= Work request =
I need the number of lines in the listing below that include the string "with", and only that number.

——————

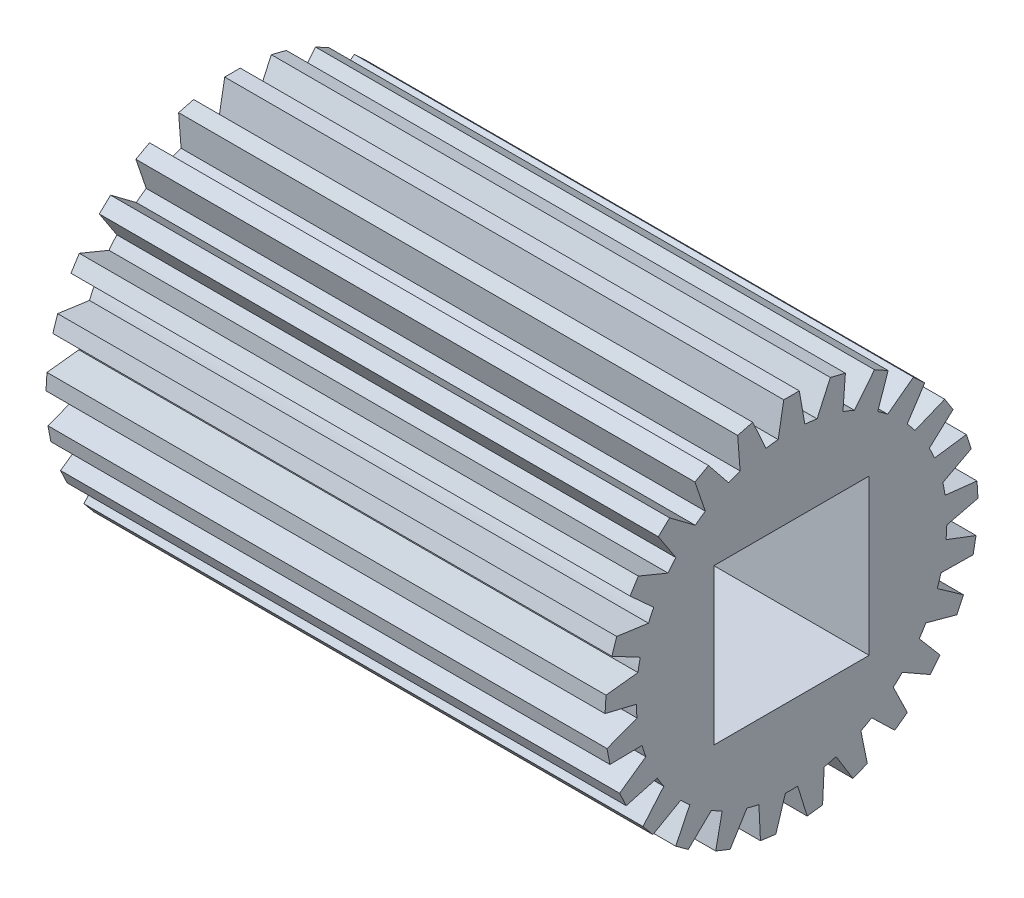
from build123d import *

# Parameters (mm, degrees)
BOSS_EXTRUDE2_START      = -13
BOSS_EXTRUDE2_DEPTH      = 18
BOSS_EXTRUDE3_DEPTH      = 5
BOSS_EXTRUDE3_DEPTH_BACK = 13
SKETCH3_R                = 5
CIRPATTERN1_COUNT        = 25
SKETCH4_W                = 5
SKETCH4_H                = 5
CUT_EXTRUDE1_DEPTH       = 18


with BuildPart() as part:
    # Sketch2 → Boss-Extrude2 (new body)
    with BuildSketch(Plane(origin=(0, 0, 0), x_dir=(0, 0, -1), z_dir=(1, 0, 0)).offset(BOSS_EXTRUDE2_START)):
        with BuildLine():
            ThreePointArc((0.429587035, 4.981511315), (0, 5), (-0.429587035, 4.981511315))
            Line((-0.429587035, 4.981511315), (-0.700772987, 3.443539352))
            Line((-0.700772987, 3.443539352), (0.700772987, 3.443539352))
            Line((0.700772987, 3.443539352), (0.429587035, 4.981511315))
        make_face()
        with BuildLine():
            Line((0.25, 6), (-0.25, 6))
            Line((-0.25, 6), (-0.429587035, 4.981511315))
            ThreePointArc((-0.429587035, 4.981511315), (0, 5), (0.429587035, 4.981511315))
            Line((0.429587035, 4.981511315), (0.25, 6))
        make_face()
    boss_extrude2 = extrude(amount=BOSS_EXTRUDE2_DEPTH)

    # Sketch3 → Boss-Extrude3 (add, two sides: drawn at the far end of the back side and taken through both)
    with BuildSketch(Plane(origin=(0, 0, 0), x_dir=(0, 0, -1), z_dir=(1, 0, 0)).offset(-BOSS_EXTRUDE3_DEPTH_BACK)):
        Circle(SKETCH3_R)
    extrude(amount=BOSS_EXTRUDE3_DEPTH + BOSS_EXTRUDE3_DEPTH_BACK)

    # CirPattern1: Boss-Extrude2 ×25 about axis
    cirpattern1_axis = Axis((0, 0, 0), (1, 0, 0))
    for i in range(1, CIRPATTERN1_COUNT):
        add(boss_extrude2.rotate(cirpattern1_axis, i * 360 / CIRPATTERN1_COUNT))

    # Sketch4 → Cut-Extrude1 (cut)
    with BuildSketch(Plane(origin=(5, 0, 0), x_dir=(0, 0, -1), z_dir=(1, 0, 0))):
        Rectangle(SKETCH4_W, SKETCH4_H)
    extrude(amount=-CUT_EXTRUDE1_DEPTH, mode=Mode.SUBTRACT)


solid = part.part

——————

= Written answer =
6